When you print the records, keep every line identical to the original.

Data for the task:

- - - - -

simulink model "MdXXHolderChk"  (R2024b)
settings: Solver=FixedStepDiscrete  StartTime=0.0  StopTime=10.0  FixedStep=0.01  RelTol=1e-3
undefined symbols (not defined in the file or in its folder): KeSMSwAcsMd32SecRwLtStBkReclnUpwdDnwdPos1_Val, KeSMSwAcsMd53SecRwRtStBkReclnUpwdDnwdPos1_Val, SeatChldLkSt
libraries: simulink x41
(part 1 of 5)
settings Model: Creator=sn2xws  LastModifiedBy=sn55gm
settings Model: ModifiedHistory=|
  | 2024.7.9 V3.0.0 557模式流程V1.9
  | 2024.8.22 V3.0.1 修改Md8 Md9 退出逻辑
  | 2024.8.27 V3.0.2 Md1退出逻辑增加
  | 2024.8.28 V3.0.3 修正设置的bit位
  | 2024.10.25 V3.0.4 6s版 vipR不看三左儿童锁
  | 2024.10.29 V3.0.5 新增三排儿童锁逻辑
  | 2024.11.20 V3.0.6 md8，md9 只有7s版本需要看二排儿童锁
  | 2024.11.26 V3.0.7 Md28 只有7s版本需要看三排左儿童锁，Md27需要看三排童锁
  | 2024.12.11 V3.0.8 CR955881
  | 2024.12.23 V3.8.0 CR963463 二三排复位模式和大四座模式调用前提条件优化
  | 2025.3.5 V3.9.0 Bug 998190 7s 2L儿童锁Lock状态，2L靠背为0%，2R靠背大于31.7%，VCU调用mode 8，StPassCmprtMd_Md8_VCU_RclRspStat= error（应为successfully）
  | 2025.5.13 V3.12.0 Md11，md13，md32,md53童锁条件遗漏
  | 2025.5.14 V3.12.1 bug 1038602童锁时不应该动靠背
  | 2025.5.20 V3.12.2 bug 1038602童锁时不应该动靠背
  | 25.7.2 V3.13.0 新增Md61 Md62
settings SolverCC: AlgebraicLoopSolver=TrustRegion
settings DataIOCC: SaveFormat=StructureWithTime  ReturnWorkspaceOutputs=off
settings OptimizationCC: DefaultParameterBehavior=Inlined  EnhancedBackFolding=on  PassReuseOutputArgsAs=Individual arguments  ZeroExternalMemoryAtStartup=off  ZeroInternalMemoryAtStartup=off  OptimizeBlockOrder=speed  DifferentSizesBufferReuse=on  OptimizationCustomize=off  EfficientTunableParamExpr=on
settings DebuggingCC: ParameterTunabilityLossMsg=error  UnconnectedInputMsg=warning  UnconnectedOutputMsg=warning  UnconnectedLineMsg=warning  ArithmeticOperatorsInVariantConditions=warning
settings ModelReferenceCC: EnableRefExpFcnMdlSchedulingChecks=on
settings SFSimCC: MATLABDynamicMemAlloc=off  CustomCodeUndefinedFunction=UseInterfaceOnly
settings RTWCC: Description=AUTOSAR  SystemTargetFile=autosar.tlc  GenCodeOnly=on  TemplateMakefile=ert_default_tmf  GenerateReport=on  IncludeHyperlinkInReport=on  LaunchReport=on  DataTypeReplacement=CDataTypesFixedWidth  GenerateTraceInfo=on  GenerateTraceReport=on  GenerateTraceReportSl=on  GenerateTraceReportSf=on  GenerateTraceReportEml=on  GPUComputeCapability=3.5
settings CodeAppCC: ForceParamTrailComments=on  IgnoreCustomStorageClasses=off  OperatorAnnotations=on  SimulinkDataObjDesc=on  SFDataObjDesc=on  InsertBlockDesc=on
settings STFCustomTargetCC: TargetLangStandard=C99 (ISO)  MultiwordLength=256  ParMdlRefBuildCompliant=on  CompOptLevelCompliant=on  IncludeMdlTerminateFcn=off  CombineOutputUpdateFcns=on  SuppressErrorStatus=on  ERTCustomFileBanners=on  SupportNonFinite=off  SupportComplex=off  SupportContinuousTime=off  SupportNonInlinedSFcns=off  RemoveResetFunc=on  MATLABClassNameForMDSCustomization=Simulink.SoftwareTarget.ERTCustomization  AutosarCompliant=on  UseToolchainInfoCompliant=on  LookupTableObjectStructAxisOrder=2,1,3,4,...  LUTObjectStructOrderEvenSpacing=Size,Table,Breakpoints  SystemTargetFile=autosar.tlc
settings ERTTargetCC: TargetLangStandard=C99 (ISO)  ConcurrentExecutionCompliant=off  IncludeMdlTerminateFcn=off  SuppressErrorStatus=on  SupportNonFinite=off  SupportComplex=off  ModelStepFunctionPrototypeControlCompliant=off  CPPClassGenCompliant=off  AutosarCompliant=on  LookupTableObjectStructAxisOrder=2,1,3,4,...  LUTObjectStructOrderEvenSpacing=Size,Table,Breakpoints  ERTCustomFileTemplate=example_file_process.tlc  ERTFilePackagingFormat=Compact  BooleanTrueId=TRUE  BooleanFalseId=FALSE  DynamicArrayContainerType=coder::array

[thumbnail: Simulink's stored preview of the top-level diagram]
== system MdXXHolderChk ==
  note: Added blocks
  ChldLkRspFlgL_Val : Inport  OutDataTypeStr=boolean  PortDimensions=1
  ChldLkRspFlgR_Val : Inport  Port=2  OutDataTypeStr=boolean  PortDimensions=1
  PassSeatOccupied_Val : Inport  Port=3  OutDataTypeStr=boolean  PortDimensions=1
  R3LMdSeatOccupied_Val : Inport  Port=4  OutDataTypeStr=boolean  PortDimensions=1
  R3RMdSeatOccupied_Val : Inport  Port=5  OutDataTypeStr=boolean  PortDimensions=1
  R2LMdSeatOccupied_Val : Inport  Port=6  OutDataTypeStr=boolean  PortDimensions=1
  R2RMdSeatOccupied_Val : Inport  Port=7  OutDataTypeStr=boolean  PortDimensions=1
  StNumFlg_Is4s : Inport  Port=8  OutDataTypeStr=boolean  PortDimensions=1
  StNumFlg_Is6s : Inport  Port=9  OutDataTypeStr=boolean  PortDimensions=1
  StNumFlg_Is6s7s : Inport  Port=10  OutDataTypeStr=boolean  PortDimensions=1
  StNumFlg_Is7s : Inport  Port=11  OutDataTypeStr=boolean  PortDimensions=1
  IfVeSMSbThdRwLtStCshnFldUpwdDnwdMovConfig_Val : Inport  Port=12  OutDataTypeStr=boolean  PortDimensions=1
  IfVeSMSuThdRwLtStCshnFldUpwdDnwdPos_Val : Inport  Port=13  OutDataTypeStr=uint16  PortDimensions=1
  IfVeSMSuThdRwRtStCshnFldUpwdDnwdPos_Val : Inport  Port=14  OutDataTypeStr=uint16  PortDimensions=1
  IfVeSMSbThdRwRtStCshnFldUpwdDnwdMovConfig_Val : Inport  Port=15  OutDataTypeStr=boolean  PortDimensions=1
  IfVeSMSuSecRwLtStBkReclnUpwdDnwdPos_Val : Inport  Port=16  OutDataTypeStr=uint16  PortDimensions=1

- - - - -

Result:
simulink model "MdXXHolderChk"  (R2024b)
settings: Solver=FixedStepDiscrete  StartTime=0.0  StopTime=10.0  FixedStep=0.01  RelTol=1e-3
undefined symbols (not defined in the file or in its folder): KeSMSwAcsMd32SecRwLtStBkReclnUpwdDnwdPos1_Val, KeSMSwAcsMd53SecRwRtStBkReclnUpwdDnwdPos1_Val, SeatChldLkSt
libraries: simulink x41
(part 1 of 5)
settings Model: Creator=sn2xws  LastModifiedBy=sn55gm
settings Model: ModifiedHistory=|
  | 2024.7.9 V3.0.0 557模式流程V1.9
  | 2024.8.22 V3.0.1 修改Md8 Md9 退出逻辑
  | 2024.8.27 V3.0.2 Md1退出逻辑增加
  | 2024.8.28 V3.0.3 修正设置的bit位
  | 2024.10.25 V3.0.4 6s版 vipR不看三左儿童锁
  | 2024.10.29 V3.0.5 新增三排儿童锁逻辑
  | 2024.11.20 V3.0.6 md8，md9 只有7s版本需要看二排儿童锁
  | 2024.11.26 V3.0.7 Md28 只有7s版本需要看三排左儿童锁，Md27需要看三排童锁
  | 2024.12.11 V3.0.8 CR955881
  | 2024.12.23 V3.8.0 CR963463 二三排复位模式和大四座模式调用前提条件优化
  | 2025.3.5 V3.9.0 Bug 998190 7s 2L儿童锁Lock状态，2L靠背为0%，2R靠背大于31.7%，VCU调用mode 8，StPassCmprtMd_Md8_VCU_RclRspStat= error（应为successfully）
  | 2025.5.13 V3.12.0 Md11，md13，md32,md53童锁条件遗漏
  | 2025.5.14 V3.12.1 bug 1038602童锁时不应该动靠背
  | 2025.5.20 V3.12.2 bug 1038602童锁时不应该动靠背
  | 25.7.2 V3.13.0 新增Md61 Md62
settings SolverCC: AlgebraicLoopSolver=TrustRegion
settings DataIOCC: SaveFormat=StructureWithTime  ReturnWorkspaceOutputs=off
settings OptimizationCC: DefaultParameterBehavior=Inlined  EnhancedBackFolding=on  PassReuseOutputArgsAs=Individual arguments  ZeroExternalMemoryAtStartup=off  ZeroInternalMemoryAtStartup=off  OptimizeBlockOrder=speed  DifferentSizesBufferReuse=on  OptimizationCustomize=off  EfficientTunableParamExpr=on
settings DebuggingCC: ParameterTunabilityLossMsg=error  UnconnectedInputMsg=warning  UnconnectedOutputMsg=warning  UnconnectedLineMsg=warning  ArithmeticOperatorsInVariantConditions=warning
settings ModelReferenceCC: EnableRefExpFcnMdlSchedulingChecks=on
settings SFSimCC: MATLABDynamicMemAlloc=off  CustomCodeUndefinedFunction=UseInterfaceOnly
settings RTWCC: Description=AUTOSAR  SystemTargetFile=autosar.tlc  GenCodeOnly=on  TemplateMakefile=ert_default_tmf  GenerateReport=on  IncludeHyperlinkInReport=on  LaunchReport=on  DataTypeReplacement=CDataTypesFixedWidth  GenerateTraceInfo=on  GenerateTraceReport=on  GenerateTraceReportSl=on  GenerateTraceReportSf=on  GenerateTraceReportEml=on  GPUComputeCapability=3.5
settings CodeAppCC: ForceParamTrailComments=on  IgnoreCustomStorageClasses=off  OperatorAnnotations=on  SimulinkDataObjDesc=on  SFDataObjDesc=on  InsertBlockDesc=on
settings STFCustomTargetCC: TargetLangStandard=C99 (ISO)  MultiwordLength=256  ParMdlRefBuildCompliant=on  CompOptLevelCompliant=on  IncludeMdlTerminateFcn=off  CombineOutputUpdateFcns=on  SuppressErrorStatus=on  ERTCustomFileBanners=on  SupportNonFinite=off  SupportComplex=off  SupportContinuousTime=off  SupportNonInlinedSFcns=off  RemoveResetFunc=on  MATLABClassNameForMDSCustomization=Simulink.SoftwareTarget.ERTCustomization  AutosarCompliant=on  UseToolchainInfoCompliant=on  LookupTableObjectStructAxisOrder=2,1,3,4,...  LUTObjectStructOrderEvenSpacing=Size,Table,Breakpoints  SystemTargetFile=autosar.tlc
settings ERTTargetCC: TargetLangStandard=C99 (ISO)  ConcurrentExecutionCompliant=off  IncludeMdlTerminateFcn=off  SuppressErrorStatus=on  SupportNonFinite=off  SupportComplex=off  ModelStepFunctionPrototypeControlCompliant=off  CPPClassGenCompliant=off  AutosarCompliant=on  LookupTableObjectStructAxisOrder=2,1,3,4,...  LUTObjectStructOrderEvenSpacing=Size,Table,Breakpoints  ERTCustomFileTemplate=example_file_process.tlc  ERTFilePackagingFormat=Compact  BooleanTrueId=TRUE  BooleanFalseId=FALSE  DynamicArrayContainerType=coder::array

[thumbnail: Simulink's stored preview of the top-level diagram]
== system MdXXHolderChk ==
  note: Added blocks
  ChldLkRspFlgL_Val : Inport  OutDataTypeStr=boolean  PortDimensions=1
  ChldLkRspFlgR_Val : Inport  Port=2  OutDataTypeStr=boolean  PortDimensions=1
  PassSeatOccupied_Val : Inport  Port=3  OutDataTypeStr=boolean  PortDimensions=1
  R3LMdSeatOccupied_Val : Inport  Port=4  OutDataTypeStr=boolean  PortDimensions=1
  R3RMdSeatOccupied_Val : Inport  Port=5  OutDataTypeStr=boolean  PortDimensions=1
  R2LMdSeatOccupied_Val : Inport  Port=6  OutDataTypeStr=boolean  PortDimensions=1
  R2RMdSeatOccupied_Val : Inport  Port=7  OutDataTypeStr=boolean  PortDimensions=1
  StNumFlg_Is4s : Inport  Port=8  OutDataTypeStr=boolean  PortDimensions=1
  StNumFlg_Is6s : Inport  Port=9  OutDataTypeStr=boolean  PortDimensions=1
  StNumFlg_Is6s7s : Inport  Port=10  OutDataTypeStr=boolean  PortDimensions=1
  StNumFlg_Is7s : Inport  Port=11  OutDataTypeStr=boolean  PortDimensions=1
  IfVeSMSbThdRwLtStCshnFldUpwdDnwdMovConfig_Val : Inport  Port=12  OutDataTypeStr=boolean  PortDimensions=1
  IfVeSMSuThdRwLtStCshnFldUpwdDnwdPos_Val : Inport  Port=13  OutDataTypeStr=uint16  PortDimensions=1
  IfVeSMSuThdRwRtStCshnFldUpwdDnwdPos_Val : Inport  Port=14  OutDataTypeStr=uint16  PortDimensions=1
  IfVeSMSbThdRwRtStCshnFldUpwdDnwdMovConfig_Val : Inport  Port=15  OutDataTypeStr=boolean  PortDimensions=1
  IfVeSMSuSecRwLtStBkReclnUpwdDnwdPos_Val : Inport  Port=16  OutDataTypeStr=uint16  PortDimensions=1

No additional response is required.